The Hunts Point Cooperative Market handles the production, processing, distribution and sale of meat, poultry and related products. Spread over 38 acres (150,000 m2), the market’s six main buildings offer 700,000 square feet (70,000 m2) of refrigerated space. More than 50 independent wholesale food companies operate facilities here. In 2002, a state-of-the art, 100,000-square-foot (10,000 m2) refrigerated warehouse was added to accommodate the ever expanding needs businesses.

In November 2001, shortly before leaving office, former New York City Mayor Rudolph Giuliani broke ground for the new Fulton Fish Market building in Hunts Point. Nearly four years after the structure was completed, which cost $85 million to build, 55 businesses moved into a 450,000-square-foot (42,000 m2) complex, located within the Hunts Point Food Distribution Center. The facility generates an estimated $1 billion in yearly revenue, as it allows seafood distributors to store their goods in a temperature controlled warehouse with ease of access to NYC, New Jersey and Connecticut.

Detention centers

One secure detention center is located in Hunts Point.

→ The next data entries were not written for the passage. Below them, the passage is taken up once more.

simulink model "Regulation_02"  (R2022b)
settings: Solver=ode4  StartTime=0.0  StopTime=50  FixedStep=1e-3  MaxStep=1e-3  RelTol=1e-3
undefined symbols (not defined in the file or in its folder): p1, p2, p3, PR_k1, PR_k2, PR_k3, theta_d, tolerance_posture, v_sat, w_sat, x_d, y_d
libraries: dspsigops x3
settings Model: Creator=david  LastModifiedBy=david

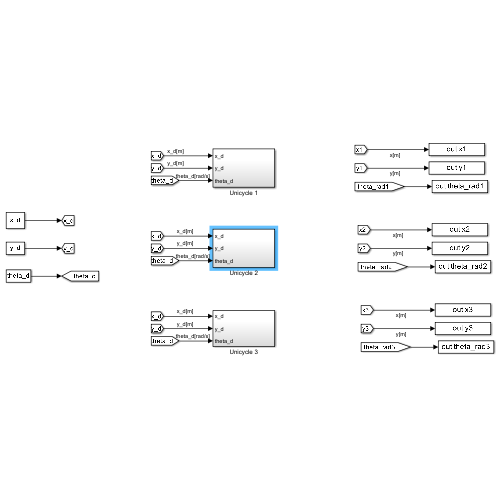
[thumbnail: Simulink's stored preview of the top-level diagram]
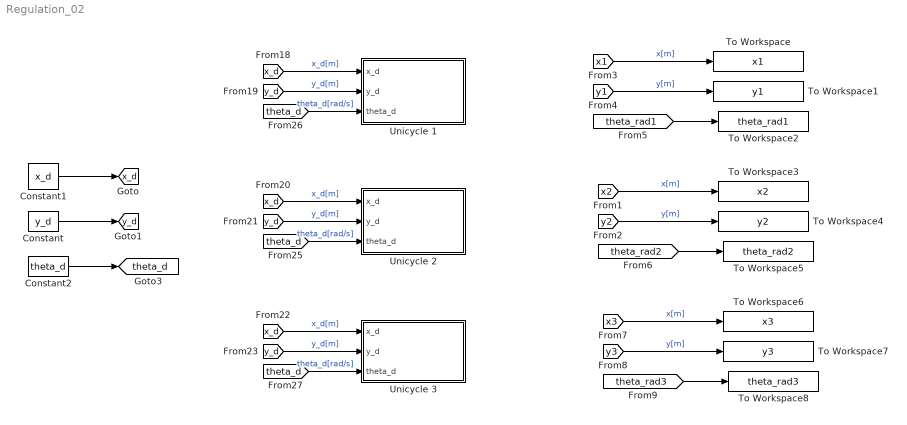
== system Regulation_02 ==
  Constant : Constant  Value=y_d
  Constant1 : Constant  Value=x_d
  Constant2 : Constant  Value=theta_d
  To Workspace : ToWorkspace  VariableName=x1  SaveFormat=Structure With Time  SampleTime=-1
  To Workspace1 : ToWorkspace  VariableName=y1  SaveFormat=Structure With Time  SampleTime=-1
  To Workspace2 : ToWorkspace  VariableName=theta_rad1  SaveFormat=Structure With Time  SampleTime=-1
  To Workspace3 : ToWorkspace  VariableName=x2  SaveFormat=Structure With Time  SampleTime=-1
  To Workspace4 : ToWorkspace  VariableName=y2  SaveFormat=Structure With Time  SampleTime=-1
  To Workspace5 : ToWorkspace  VariableName=theta_rad2  SaveFormat=Structure With Time  SampleTime=-1
  To Workspace6 : ToWorkspace  VariableName=x3  SaveFormat=Structure With Time  SampleTime=-1
  To Workspace7 : ToWorkspace  VariableName=y3  SaveFormat=Structure With Time  SampleTime=-1
  To Workspace8 : ToWorkspace  VariableName=theta_rad3  SaveFormat=Structure With Time  SampleTime=-1
  Unicycle 1 : Subsystem
  Unicycle 2 : Subsystem
  Unicycle 3 : Subsystem
  tag scope: theta_d=global, x_d=global, y_d=global
  wires:
  [x1] -> To Workspace/1  "x[m]"
  [y1] -> To Workspace1/1  "y[m]"
  [theta_rad1] -> To Workspace2/1
  [x2] -> To Workspace3/1  "x[m]"
  [y2] -> To Workspace4/1  "y[m]"
  [theta_rad2] -> To Workspace5/1
  [theta_rad3] -> To Workspace8/1
  [y3] -> To Workspace7/1  "y[m]"
  [x3] -> To Workspace6/1  "x[m]"
  Constant1/1 -> [x_d]
  Constant/1 -> [y_d]
  [x_d] -> Unicycle 1/1(x_d)  "x_d[m]"
  [y_d] -> Unicycle 1/2(y_d)  "y_d[m]"
  [y_d] -> Unicycle 2/2(y_d)  "y_d[m]"
  [x_d] -> Unicycle 2/1(x_d)  "x_d[m]"
  [y_d] -> Unicycle 3/2(y_d)  "y_d[m]"
  [x_d] -> Unicycle 3/1(x_d)  "x_d[m]"
  Constant2/1 -> [theta_d]
  [theta_d] -> Unicycle 2/3(theta_d)  "theta_d[rad/s]"
  [theta_d] -> Unicycle 1/3(theta_d)  "theta_d[rad/s]"
  [theta_d] -> Unicycle 3/3(theta_d)  "theta_d[rad/s]"

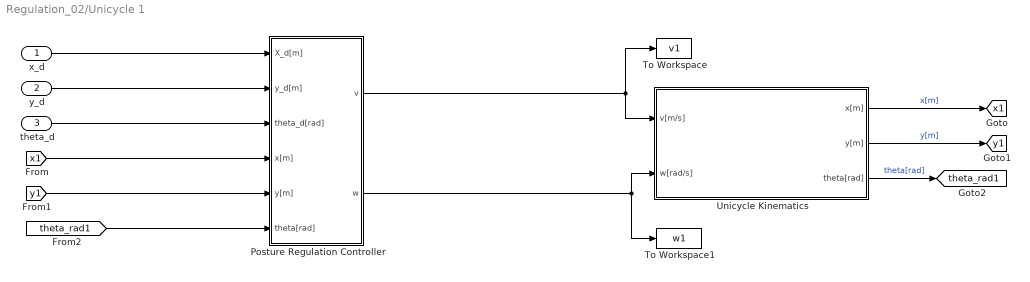
== system Regulation_02/Unicycle 1 ==
  x_d : Inport
  y_d : Inport  Port=2
  theta_d : Inport  Port=3
  Posture Regulation Controller : Subsystem
  To Workspace : ToWorkspace  VariableName=v1  SaveFormat=Structure With Time  SampleTime=-1
  To Workspace1 : ToWorkspace  VariableName=w1  SaveFormat=Structure With Time  SampleTime=-1
  Unicycle Kinematics : Subsystem
  tag scope: theta_rad1=global, x1=global, y1=global
  wires:
  Unicycle Kinematics/3(theta[rad]) -> [theta_rad1]  "theta[rad]"
  [y1] -> Posture Regulation Controller/5(y[m])
  [theta_rad1] -> Posture Regulation Controller/6(theta[rad])
  Unicycle Kinematics/2(y[m]) -> [y1]  "y[m]"
  [x1] -> Posture Regulation Controller/4(x[m])
  Unicycle Kinematics/1(x[m]) -> [x1]  "x[m]"
  x_d/1 -> Posture Regulation Controller/1(X_d[m])
  y_d/1 -> Posture Regulation Controller/2(y_d[m])
  Posture Regulation Controller/2(w) -> Unicycle Kinematics/2(w[rad/s]), To Workspace1/1
  Posture Regulation Controller/1(v) -> Unicycle Kinematics/1(v[m/s]), To Workspace/1
  theta_d/1 -> Posture Regulation Controller/3(theta_d[rad])

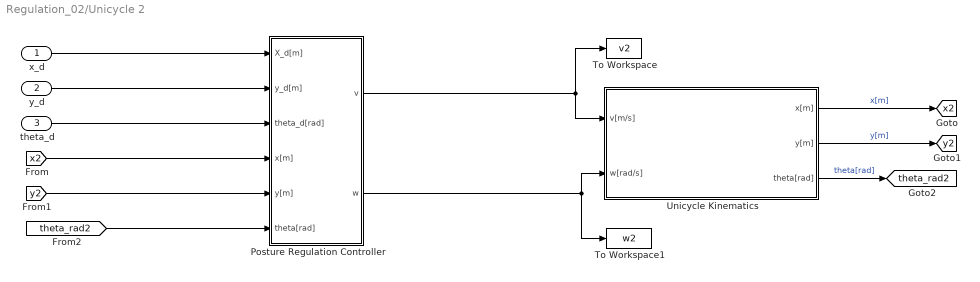
== system Regulation_02/Unicycle 2 ==
  x_d : Inport
  y_d : Inport  Port=2
  theta_d : Inport  Port=3
  Posture Regulation Controller : Subsystem
  To Workspace : ToWorkspace  VariableName=v2  SaveFormat=Structure With Time  SampleTime=-1
  To Workspace1 : ToWorkspace  VariableName=w2  SaveFormat=Structure With Time  SampleTime=-1
  Unicycle Kinematics : Subsystem
  tag scope: theta_rad2=global, x2=global, y2=global
  wires:
  Unicycle Kinematics/3(theta[rad]) -> [theta_rad2]  "theta[rad]"
  [y2] -> Posture Regulation Controller/5(y[m])
  [theta_rad2] -> Posture Regulation Controller/6(theta[rad])
  Unicycle Kinematics/2(y[m]) -> [y2]  "y[m]"
  [x2] -> Posture Regulation Controller/4(x[m])
  Unicycle Kinematics/1(x[m]) -> [x2]  "x[m]"
  x_d/1 -> Posture Regulation Controller/1(X_d[m])
  y_d/1 -> Posture Regulation Controller/2(y_d[m])
  Posture Regulation Controller/1(v) -> Unicycle Kinematics/1(v[m/s]), To Workspace/1
  theta_d/1 -> Posture Regulation Controller/3(theta_d[rad])
  Posture Regulation Controller/2(w) -> Unicycle Kinematics/2(w[rad/s]), To Workspace1/1

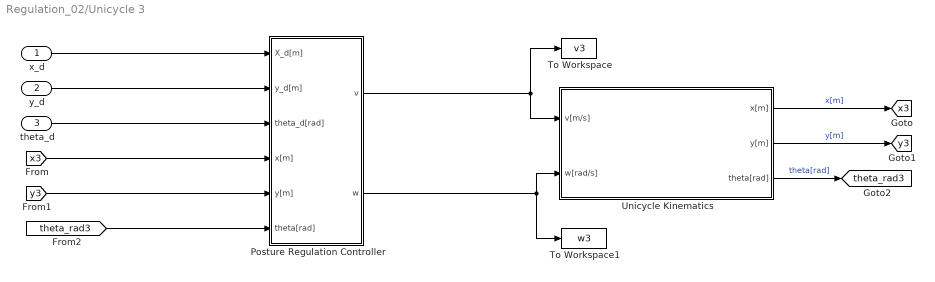
== system Regulation_02/Unicycle 3 ==
  x_d : Inport
  y_d : Inport  Port=2
  theta_d : Inport  Port=3
  Posture Regulation Controller : Subsystem
  To Workspace : ToWorkspace  VariableName=v3  SaveFormat=Structure With Time  SampleTime=-1
  To Workspace1 : ToWorkspace  VariableName=w3  SaveFormat=Structure With Time  SampleTime=-1
  Unicycle Kinematics : Subsystem
  tag scope: theta_rad3=global, x3=global, y3=global
  wires:
  Unicycle Kinematics/3(theta[rad]) -> [theta_rad3]  "theta[rad]"
  [y3] -> Posture Regulation Controller/5(y[m])
  [theta_rad3] -> Posture Regulation Controller/6(theta[rad])
  Unicycle Kinematics/2(y[m]) -> [y3]  "y[m]"
  [x3] -> Posture Regulation Controller/4(x[m])
  Unicycle Kinematics/1(x[m]) -> [x3]  "x[m]"
  x_d/1 -> Posture Regulation Controller/1(X_d[m])
  y_d/1 -> Posture Regulation Controller/2(y_d[m])
  Posture Regulation Controller/2(w) -> Unicycle Kinematics/2(w[rad/s]), To Workspace1/1
  Posture Regulation Controller/1(v) -> Unicycle Kinematics/1(v[m/s]), To Workspace/1
  theta_d/1 -> Posture Regulation Controller/3(theta_d[rad])

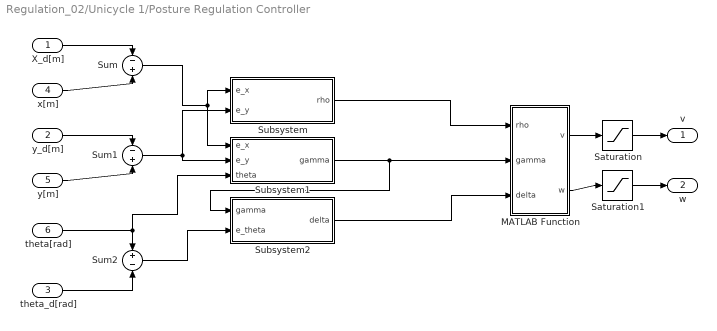
== system Regulation_02/Unicycle 1/Posture Regulation Controller ==
  X_d[m] : Inport
  y_d[m] : Inport  Port=2
  theta_d[rad] : Inport  Port=3
  x[m] : Inport  Port=4
  y[m] : Inport  Port=5
  theta[rad] : Inport  Port=6
  MATLAB Function : MATLAB Function  TreatAsAtomicUnit=on
  Saturation : Saturate  UpperLimit=v_sat  LowerLimit=-v_sat
  Saturation1 : Saturate  UpperLimit=w_sat  LowerLimit=-w_sat
  Subsystem : Subsystem
  Subsystem1 : Subsystem
  Subsystem2 : Subsystem
  Sum : Sum  Inputs=-+
  Sum1 : Sum  Inputs=-+
  Sum2 : Sum  Inputs=+-
  v : Outport
  w : Outport  Port=2
  wires:
  X_d[m]/1 -> Sum/1
  x[m]/1 -> Sum/2
  y_d[m]/1 -> Sum1/1
  y[m]/1 -> Sum1/2
  Sum1/1 -> Subsystem1/2(e_y), Subsystem/2(e_y)
  Sum2/1 -> Subsystem2/2(e_theta)
  Subsystem1/1(gamma) -> Subsystem2/1(gamma), MATLAB Function/2(gamma)
  Subsystem2/1(delta) -> MATLAB Function/3(delta)
  Subsystem/1(rho) -> MATLAB Function/1(rho)
  Sum/1 -> Subsystem1/1(e_x), Subsystem/1(e_x)
  MATLAB Function/1(v) -> Saturation/1
  MATLAB Function/2(w) -> Saturation1/1
  theta[rad]/1 -> Sum2/1, Subsystem1/3(theta)
  theta_d[rad]/1 -> Sum2/2
  Saturation/1 -> v/1
  Saturation1/1 -> w/1

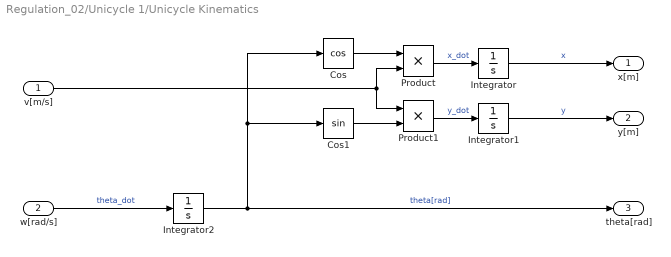
== system Regulation_02/Unicycle 1/Unicycle Kinematics ==
  v[m/s] : Inport
  w[rad/s] : Inport  Port=2
  Cos : Trigonometry  Operator=cos
  Cos1 : Trigonometry
  Integrator : Integrator  InitialCondition=p1(1)
  Integrator1 : Integrator  InitialCondition=p1(2)
  Integrator2 : Integrator  InitialCondition=p1(3)
  Product : Product
  Product1 : Product
  x[m] : Outport
  y[m] : Outport  Port=2
  theta[rad] : Outport  Port=3
  wires:
  Integrator/1 -> x[m]/1  "x"
  Integrator1/1 -> y[m]/1  "y"
  w[rad/s]/1 -> Integrator2/1  "theta_dot"
  Integrator2/1 -> Cos/1, Cos1/1, theta[rad]/1  "theta[rad]"
  Product/1 -> Integrator/1  "x_dot"
  Cos1/1 -> Product1/2
  Cos/1 -> Product/1
  v[m/s]/1 -> Product1/1, Product/2
  Product1/1 -> Integrator1/1  "y_dot"

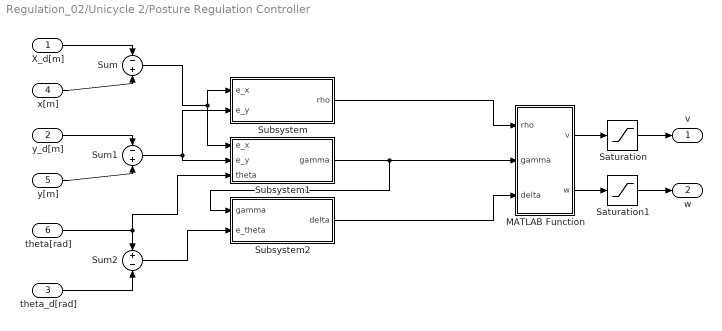
== system Regulation_02/Unicycle 2/Posture Regulation Controller ==
  X_d[m] : Inport
  y_d[m] : Inport  Port=2
  theta_d[rad] : Inport  Port=3
  x[m] : Inport  Port=4
  y[m] : Inport  Port=5
  theta[rad] : Inport  Port=6
  MATLAB Function : MATLAB Function  TreatAsAtomicUnit=on
  Saturation : Saturate  UpperLimit=v_sat  LowerLimit=-v_sat
  Saturation1 : Saturate  UpperLimit=w_sat  LowerLimit=-w_sat
  Subsystem : Subsystem
  Subsystem1 : Subsystem
  Subsystem2 : Subsystem
  Sum : Sum  Inputs=-+
  Sum1 : Sum  Inputs=-+
  Sum2 : Sum  Inputs=+-
  v : Outport
  w : Outport  Port=2
  wires:
  X_d[m]/1 -> Sum/1
  x[m]/1 -> Sum/2
  y_d[m]/1 -> Sum1/1
  y[m]/1 -> Sum1/2
  Sum1/1 -> Subsystem1/2(e_y), Subsystem/2(e_y)
  Sum2/1 -> Subsystem2/2(e_theta)
  Subsystem1/1(gamma) -> MATLAB Function/2(gamma), Subsystem2/1(gamma)
  Subsystem2/1(delta) -> MATLAB Function/3(delta)
  Subsystem/1(rho) -> MATLAB Function/1(rho)
  Sum/1 -> Subsystem1/1(e_x), Subsystem/1(e_x)
  MATLAB Function/1(v) -> Saturation/1
  MATLAB Function/2(w) -> Saturation1/1
  theta[rad]/1 -> Sum2/1, Subsystem1/3(theta)
  theta_d[rad]/1 -> Sum2/2
  Saturation/1 -> v/1
  Saturation1/1 -> w/1

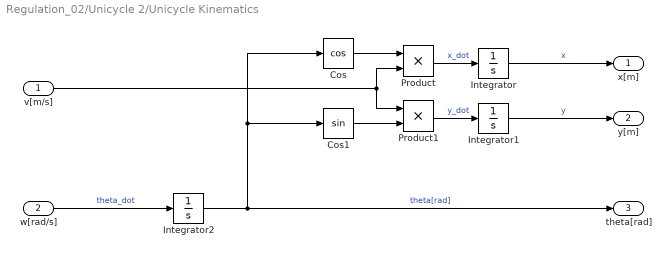
== system Regulation_02/Unicycle 2/Unicycle Kinematics ==
  v[m/s] : Inport
  w[rad/s] : Inport  Port=2
  Cos : Trigonometry  Operator=cos
  Cos1 : Trigonometry
  Integrator : Integrator  InitialCondition=p2(1)
  Integrator1 : Integrator  InitialCondition=p2(2)
  Integrator2 : Integrator  InitialCondition=p2(3)
  Product : Product
  Product1 : Product
  x[m] : Outport
  y[m] : Outport  Port=2
  theta[rad] : Outport  Port=3
  wires:
  Integrator/1 -> x[m]/1  "x"
  Integrator1/1 -> y[m]/1  "y"
  w[rad/s]/1 -> Integrator2/1  "theta_dot"
  Integrator2/1 -> Cos/1, Cos1/1, theta[rad]/1  "theta[rad]"
  Product/1 -> Integrator/1  "x_dot"
  Cos1/1 -> Product1/2
  Cos/1 -> Product/1
  v[m/s]/1 -> Product1/1, Product/2
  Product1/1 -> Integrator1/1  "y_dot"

Spofford Juvenile Center was formerly the New York City Department of Juvenile Justice's (DJJ) only Secure Detention center. The facility started as the Youth House for Boys and Youth House for Girls in the mid-1940s, and it moved to Hunts Point in 1957. The Youth House soon became known as Spofford Juvenile Center. On August 1, 1998, when it was vacated by the DJJ; earlier that year, on January 18, the city announced that the Horizon Juvenile Center, in the Mott Haven neighborhood of the Bronx, and the Crossroads Juvenile Center, in Brownsville, Brooklyn, would be opened to replace the Spofford facility. However, ultimately, Spofford was not closed, but was instead renamed Bridges Juvenile Center in 1999. In early 2011, Bridges was closed by the city. In announcing the closure, the Correctional Association of New York recognized that the facility had "a history of poor conditions and brutality against children."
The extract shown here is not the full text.